When my mom became bedridden, he really surprised me by the way he looked after her, showing a side of him I hadn’t seen before. He washed her and cared for her in an unexpectedly intimate way.
He missed my mom terribly when she died. It did give him the chance to try some new things though, such as buying presents. All my life, every present I’ve received labelled “Love Mom and Dad” was from my mom, and my dad usually didn’t have a clue what it was.
So getting a present for Dorje that reflected who he was, was a novelty and an enjoyable experience for him.
The time alone at their old house wasn’t easy for him. His whole life he’d felt responsible for others, and when my mom became ill, there were lots of visitors and lots to do. After she died, there was the organisation of the funeral and other arrangements to keep him busy, but after that, the visits became less frequent and he was alone in the house he’d shared with my mom for so long. He really appreciated the support he got in that time. There were lots of supportive people, but he was particularly grateful for the support he got from Tony and from Saskia from St Lukes, who both helped in their different ways.

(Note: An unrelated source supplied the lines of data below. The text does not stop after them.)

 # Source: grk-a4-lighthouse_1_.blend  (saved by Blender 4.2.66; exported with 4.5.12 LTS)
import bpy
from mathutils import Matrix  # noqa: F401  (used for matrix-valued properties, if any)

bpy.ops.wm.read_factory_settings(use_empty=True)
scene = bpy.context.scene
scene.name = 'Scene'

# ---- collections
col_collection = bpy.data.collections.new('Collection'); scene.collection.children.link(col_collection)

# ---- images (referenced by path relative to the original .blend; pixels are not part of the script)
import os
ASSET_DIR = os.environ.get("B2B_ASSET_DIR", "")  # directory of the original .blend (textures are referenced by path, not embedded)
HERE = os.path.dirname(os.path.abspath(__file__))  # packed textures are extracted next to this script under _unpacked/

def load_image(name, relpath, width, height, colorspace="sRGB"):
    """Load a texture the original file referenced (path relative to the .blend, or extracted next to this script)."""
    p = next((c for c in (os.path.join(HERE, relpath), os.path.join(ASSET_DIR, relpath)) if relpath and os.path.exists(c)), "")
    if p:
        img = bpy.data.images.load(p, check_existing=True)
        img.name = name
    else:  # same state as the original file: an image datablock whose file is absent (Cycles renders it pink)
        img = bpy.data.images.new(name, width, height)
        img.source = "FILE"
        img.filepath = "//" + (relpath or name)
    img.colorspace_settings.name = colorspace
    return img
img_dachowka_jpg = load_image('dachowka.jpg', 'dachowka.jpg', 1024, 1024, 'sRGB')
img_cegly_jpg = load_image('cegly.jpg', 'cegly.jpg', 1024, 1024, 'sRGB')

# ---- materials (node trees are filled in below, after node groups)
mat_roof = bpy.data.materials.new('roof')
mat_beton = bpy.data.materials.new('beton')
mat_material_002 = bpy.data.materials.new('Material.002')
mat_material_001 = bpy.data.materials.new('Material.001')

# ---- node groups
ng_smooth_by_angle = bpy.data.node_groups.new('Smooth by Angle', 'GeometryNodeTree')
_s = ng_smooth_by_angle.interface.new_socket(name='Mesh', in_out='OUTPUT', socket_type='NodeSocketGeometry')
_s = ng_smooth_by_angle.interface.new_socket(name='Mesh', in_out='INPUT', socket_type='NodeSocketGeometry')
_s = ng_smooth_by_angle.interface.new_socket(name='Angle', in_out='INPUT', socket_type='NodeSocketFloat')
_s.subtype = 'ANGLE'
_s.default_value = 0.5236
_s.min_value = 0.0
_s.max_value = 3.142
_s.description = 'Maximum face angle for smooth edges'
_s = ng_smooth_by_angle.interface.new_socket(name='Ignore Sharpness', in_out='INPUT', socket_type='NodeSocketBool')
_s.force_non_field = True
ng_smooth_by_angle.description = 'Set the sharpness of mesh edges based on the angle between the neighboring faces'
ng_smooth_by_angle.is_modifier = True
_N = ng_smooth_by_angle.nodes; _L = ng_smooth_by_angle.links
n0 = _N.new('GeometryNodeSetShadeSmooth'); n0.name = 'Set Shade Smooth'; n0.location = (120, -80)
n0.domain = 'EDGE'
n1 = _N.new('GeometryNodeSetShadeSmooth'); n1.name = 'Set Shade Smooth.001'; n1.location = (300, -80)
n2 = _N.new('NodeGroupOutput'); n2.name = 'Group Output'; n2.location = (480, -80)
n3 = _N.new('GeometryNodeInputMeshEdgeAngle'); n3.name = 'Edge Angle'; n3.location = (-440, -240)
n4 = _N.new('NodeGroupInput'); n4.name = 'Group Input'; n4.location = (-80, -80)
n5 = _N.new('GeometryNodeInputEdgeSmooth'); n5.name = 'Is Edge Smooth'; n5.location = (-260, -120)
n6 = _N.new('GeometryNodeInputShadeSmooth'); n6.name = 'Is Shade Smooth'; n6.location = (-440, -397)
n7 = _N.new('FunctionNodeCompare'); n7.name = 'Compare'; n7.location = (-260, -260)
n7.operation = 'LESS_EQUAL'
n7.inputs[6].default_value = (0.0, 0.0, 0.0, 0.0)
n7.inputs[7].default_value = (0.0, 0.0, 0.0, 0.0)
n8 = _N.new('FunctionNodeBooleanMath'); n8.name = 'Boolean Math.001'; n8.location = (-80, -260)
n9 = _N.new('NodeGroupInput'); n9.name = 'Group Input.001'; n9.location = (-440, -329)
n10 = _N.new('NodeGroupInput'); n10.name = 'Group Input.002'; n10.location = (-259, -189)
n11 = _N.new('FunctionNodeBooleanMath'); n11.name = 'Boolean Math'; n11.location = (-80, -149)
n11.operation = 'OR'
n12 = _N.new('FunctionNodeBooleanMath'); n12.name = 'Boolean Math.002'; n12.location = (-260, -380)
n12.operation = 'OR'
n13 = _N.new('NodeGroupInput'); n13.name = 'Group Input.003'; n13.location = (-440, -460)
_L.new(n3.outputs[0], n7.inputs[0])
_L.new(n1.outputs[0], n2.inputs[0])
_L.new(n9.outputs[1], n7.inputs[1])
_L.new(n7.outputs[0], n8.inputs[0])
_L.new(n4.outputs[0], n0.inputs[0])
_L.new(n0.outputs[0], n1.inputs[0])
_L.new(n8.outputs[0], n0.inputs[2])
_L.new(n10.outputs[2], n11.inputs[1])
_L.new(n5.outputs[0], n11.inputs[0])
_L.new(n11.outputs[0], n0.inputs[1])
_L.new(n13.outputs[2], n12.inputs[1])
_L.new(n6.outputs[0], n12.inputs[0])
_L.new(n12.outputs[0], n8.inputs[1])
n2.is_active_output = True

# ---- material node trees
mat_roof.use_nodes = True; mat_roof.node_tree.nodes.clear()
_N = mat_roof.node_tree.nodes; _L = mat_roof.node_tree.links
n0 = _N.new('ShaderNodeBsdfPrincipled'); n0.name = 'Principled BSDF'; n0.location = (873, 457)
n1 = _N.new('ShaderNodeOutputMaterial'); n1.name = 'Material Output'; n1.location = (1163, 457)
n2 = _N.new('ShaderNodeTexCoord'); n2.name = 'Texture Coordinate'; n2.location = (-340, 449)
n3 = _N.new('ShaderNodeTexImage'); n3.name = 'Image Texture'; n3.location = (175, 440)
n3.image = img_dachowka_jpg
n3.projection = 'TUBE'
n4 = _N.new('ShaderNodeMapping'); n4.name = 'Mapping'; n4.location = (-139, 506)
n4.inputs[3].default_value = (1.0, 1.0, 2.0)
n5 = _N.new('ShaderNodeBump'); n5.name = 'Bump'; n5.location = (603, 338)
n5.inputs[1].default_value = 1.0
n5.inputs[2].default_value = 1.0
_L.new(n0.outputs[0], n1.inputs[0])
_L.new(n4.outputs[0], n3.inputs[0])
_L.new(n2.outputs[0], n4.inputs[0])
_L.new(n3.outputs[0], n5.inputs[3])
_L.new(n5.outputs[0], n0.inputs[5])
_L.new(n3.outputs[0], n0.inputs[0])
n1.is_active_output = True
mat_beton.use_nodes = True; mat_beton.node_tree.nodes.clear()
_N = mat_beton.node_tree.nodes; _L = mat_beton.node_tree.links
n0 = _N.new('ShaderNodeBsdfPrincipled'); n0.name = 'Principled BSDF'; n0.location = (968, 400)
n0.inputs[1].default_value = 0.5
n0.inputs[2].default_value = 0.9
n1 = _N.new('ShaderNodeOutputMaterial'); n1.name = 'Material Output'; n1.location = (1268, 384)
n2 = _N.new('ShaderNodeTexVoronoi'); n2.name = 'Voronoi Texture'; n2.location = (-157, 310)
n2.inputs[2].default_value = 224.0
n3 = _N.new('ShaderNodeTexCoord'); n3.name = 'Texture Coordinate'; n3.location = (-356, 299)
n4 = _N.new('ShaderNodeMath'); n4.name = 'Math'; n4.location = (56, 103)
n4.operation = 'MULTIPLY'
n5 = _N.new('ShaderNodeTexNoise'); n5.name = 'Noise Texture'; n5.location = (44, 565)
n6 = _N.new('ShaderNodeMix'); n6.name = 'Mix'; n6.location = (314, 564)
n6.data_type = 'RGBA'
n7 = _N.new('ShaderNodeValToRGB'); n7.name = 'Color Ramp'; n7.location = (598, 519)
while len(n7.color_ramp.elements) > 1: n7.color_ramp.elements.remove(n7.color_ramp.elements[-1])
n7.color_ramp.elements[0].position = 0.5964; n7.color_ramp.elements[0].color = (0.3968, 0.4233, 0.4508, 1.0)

When the time came to move out of his house, his first thought, falling back upon his depression upbringing with a focus on saving money, was to move to a nice place out in the Karoo somewhere. But I managed to convince him that I would never come and visit him there, and nor would anybody else, so we finally settled on his real first choice, Helen Keller.
He was only there for two months, but for that brief time he was able to relax and enjoy himself without all of the worries he’d carried for so long.
Later today I’ve arranged a tea at Helen Keller with some of the residents who knew him. When Helen Keller let me know how many people would be coming, I expected 4 or 5 but there’s apparently 60 people coming, so it seems like he got around and enjoyed his time there even more than I realised.
It took me a long time to call him dad, but, one more time, farewell dad. Thanks for being who you were, and for all the gifts you shared. Rest in Peace.